How to complete this task = Pull out each line of the records holding the string "settings".

Recorded data =
====

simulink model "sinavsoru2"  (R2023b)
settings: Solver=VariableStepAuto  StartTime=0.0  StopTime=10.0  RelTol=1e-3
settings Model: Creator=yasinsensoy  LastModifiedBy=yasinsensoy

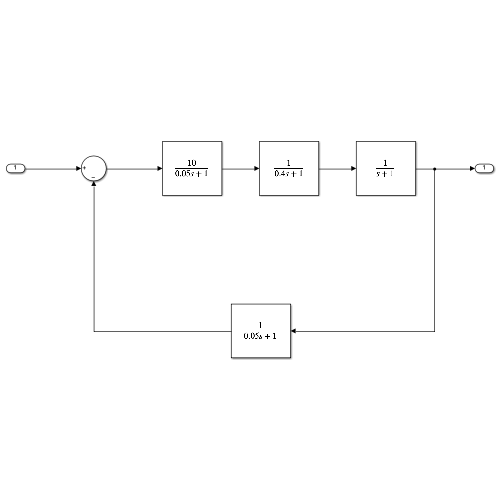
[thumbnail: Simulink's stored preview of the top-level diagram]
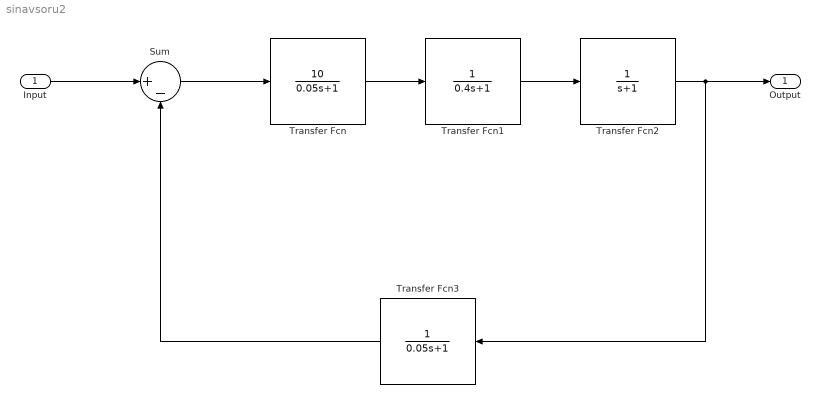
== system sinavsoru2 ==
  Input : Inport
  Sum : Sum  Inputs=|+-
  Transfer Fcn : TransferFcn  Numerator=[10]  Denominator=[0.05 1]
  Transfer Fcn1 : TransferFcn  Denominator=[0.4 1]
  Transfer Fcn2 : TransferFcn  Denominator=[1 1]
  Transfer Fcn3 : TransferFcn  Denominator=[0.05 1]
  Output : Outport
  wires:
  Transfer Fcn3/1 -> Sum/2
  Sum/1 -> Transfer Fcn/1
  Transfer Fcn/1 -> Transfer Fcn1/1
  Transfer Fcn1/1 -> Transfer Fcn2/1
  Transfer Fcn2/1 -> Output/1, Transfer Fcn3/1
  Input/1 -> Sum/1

====

Finished task =
settings: Solver=VariableStepAuto  StartTime=0.0  StopTime=10.0  RelTol=1e-3
settings Model: Creator=yasinsensoy  LastModifiedBy=yasinsensoy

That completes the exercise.